Source data
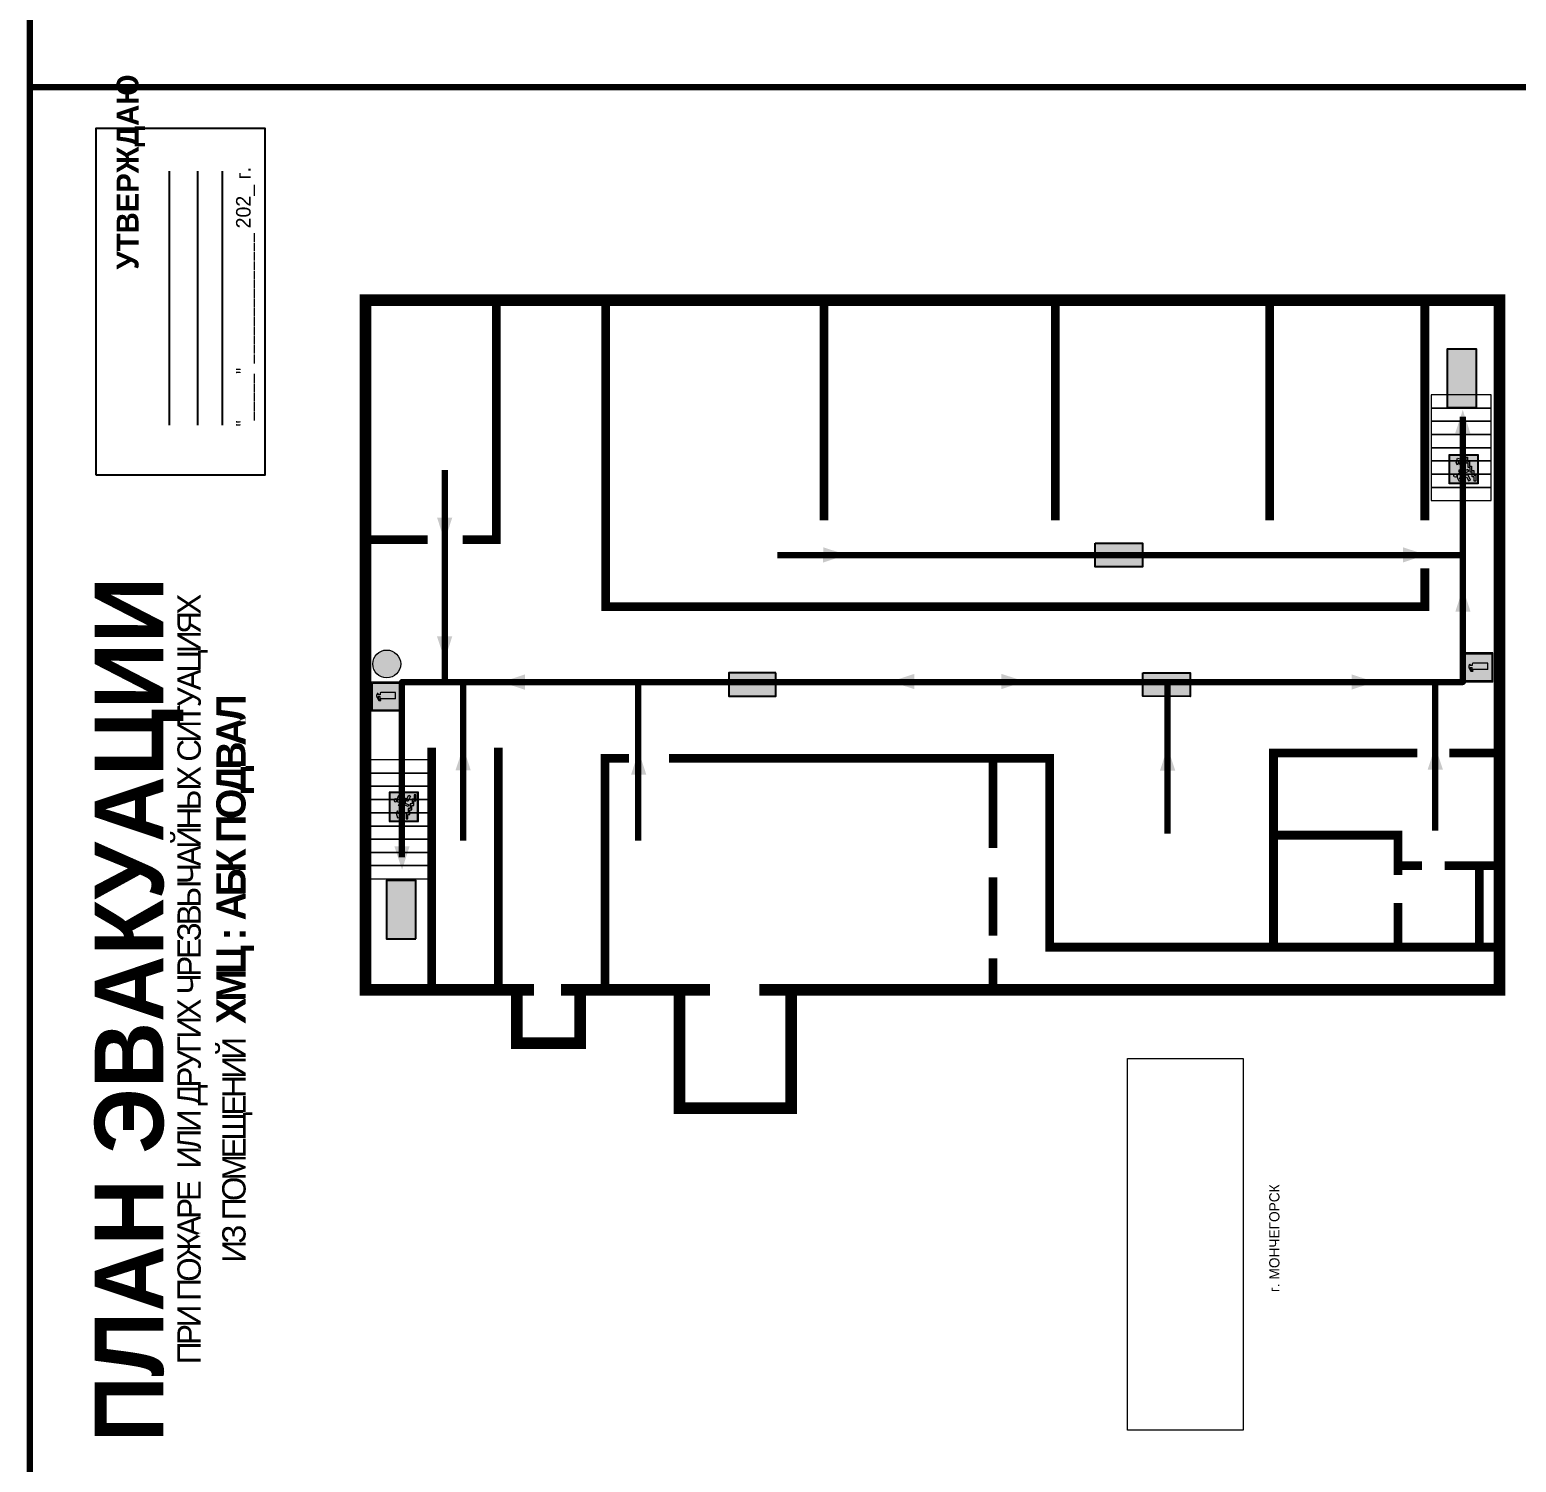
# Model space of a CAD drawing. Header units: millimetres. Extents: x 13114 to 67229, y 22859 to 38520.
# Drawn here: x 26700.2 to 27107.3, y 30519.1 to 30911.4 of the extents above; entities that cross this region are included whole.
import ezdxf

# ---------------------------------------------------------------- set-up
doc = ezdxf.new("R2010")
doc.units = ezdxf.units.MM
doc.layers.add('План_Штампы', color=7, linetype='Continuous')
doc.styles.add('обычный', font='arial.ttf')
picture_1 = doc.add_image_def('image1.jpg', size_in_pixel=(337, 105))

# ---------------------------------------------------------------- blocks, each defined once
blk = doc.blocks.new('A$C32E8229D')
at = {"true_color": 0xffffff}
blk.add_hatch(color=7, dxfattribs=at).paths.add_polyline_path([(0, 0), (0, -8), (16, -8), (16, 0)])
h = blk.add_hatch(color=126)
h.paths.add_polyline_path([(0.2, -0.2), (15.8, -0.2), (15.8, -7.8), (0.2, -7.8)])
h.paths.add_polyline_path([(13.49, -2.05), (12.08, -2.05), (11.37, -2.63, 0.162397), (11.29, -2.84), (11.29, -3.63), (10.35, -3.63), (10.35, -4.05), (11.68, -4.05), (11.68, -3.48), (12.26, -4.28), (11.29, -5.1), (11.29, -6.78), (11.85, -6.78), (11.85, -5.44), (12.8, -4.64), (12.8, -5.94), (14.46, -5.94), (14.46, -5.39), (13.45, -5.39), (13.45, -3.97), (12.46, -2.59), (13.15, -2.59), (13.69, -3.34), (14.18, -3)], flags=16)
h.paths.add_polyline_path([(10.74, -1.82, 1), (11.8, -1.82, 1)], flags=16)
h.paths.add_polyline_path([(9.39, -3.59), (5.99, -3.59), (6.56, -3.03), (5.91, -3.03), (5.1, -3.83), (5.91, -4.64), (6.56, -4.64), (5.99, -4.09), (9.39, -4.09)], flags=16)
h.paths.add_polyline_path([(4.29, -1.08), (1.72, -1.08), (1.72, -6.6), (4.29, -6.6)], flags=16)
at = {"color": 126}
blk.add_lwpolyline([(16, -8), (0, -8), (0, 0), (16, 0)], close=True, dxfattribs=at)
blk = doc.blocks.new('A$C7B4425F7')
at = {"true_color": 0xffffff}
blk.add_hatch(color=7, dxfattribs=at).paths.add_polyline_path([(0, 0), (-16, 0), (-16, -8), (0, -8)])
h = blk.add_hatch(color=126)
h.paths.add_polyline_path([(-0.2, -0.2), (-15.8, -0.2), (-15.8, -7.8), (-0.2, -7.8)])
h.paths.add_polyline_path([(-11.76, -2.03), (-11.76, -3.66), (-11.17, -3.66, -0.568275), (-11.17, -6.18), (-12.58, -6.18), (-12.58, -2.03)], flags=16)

▸ **EXERCISE PROMPT**
All records above should be duplicated exactly, with the pictures omitted.

▸ **SOLUTION BELOW**
# Model space of a CAD drawing. Header units: millimetres. Extents: x 13114 to 67229, y 22859 to 38520.
# Drawn here: x 26700.2 to 27107.3, y 30519.1 to 30911.4 of the extents above; entities that cross this region are included whole.
import ezdxf

# ---------------------------------------------------------------- set-up
doc = ezdxf.new("R2010")
doc.units = ezdxf.units.MM
doc.layers.add('План_Штампы', color=7, linetype='Continuous')
doc.styles.add('обычный', font='arial.ttf')
picture_1 = doc.add_image_def('image1.jpg', size_in_pixel=(337, 105))

# ---------------------------------------------------------------- blocks, each defined once
blk = doc.blocks.new('A$C32E8229D')
at = {"true_color": 0xffffff}
blk.add_hatch(color=7, dxfattribs=at).paths.add_polyline_path([(0, 0), (0, -8), (16, -8), (16, 0)])
h = blk.add_hatch(color=126)
h.paths.add_polyline_path([(0.2, -0.2), (15.8, -0.2), (15.8, -7.8), (0.2, -7.8)])
h.paths.add_polyline_path([(13.49, -2.05), (12.08, -2.05), (11.37, -2.63, 0.162397), (11.29, -2.84), (11.29, -3.63), (10.35, -3.63), (10.35, -4.05), (11.68, -4.05), (11.68, -3.48), (12.26, -4.28), (11.29, -5.1), (11.29, -6.78), (11.85, -6.78), (11.85, -5.44), (12.8, -4.64), (12.8, -5.94), (14.46, -5.94), (14.46, -5.39), (13.45, -5.39), (13.45, -3.97), (12.46, -2.59), (13.15, -2.59), (13.69, -3.34), (14.18, -3)], flags=16)
h.paths.add_polyline_path([(10.74, -1.82, 1), (11.8, -1.82, 1)], flags=16)
h.paths.add_polyline_path([(9.39, -3.59), (5.99, -3.59), (6.56, -3.03), (5.91, -3.03), (5.1, -3.83), (5.91, -4.64), (6.56, -4.64), (5.99, -4.09), (9.39, -4.09)], flags=16)
h.paths.add_polyline_path([(4.29, -1.08), (1.72, -1.08), (1.72, -6.6), (4.29, -6.6)], flags=16)
at = {"color": 126}
blk.add_lwpolyline([(16, -8), (0, -8), (0, 0), (16, 0)], close=True, dxfattribs=at)
blk = doc.blocks.new('A$C7B4425F7')
at = {"true_color": 0xffffff}
blk.add_hatch(color=7, dxfattribs=at).paths.add_polyline_path([(0, 0), (-16, 0), (-16, -8), (0, -8)])
h = blk.add_hatch(color=126)
h.paths.add_polyline_path([(-0.2, -0.2), (-15.8, -0.2), (-15.8, -7.8), (-0.2, -7.8)])
h.paths.add_polyline_path([(-11.76, -2.03), (-11.76, -3.66), (-11.17, -3.66, -0.568275), (-11.17, -6.18), (-12.58, -6.18), (-12.58, -2.03)], flags=16)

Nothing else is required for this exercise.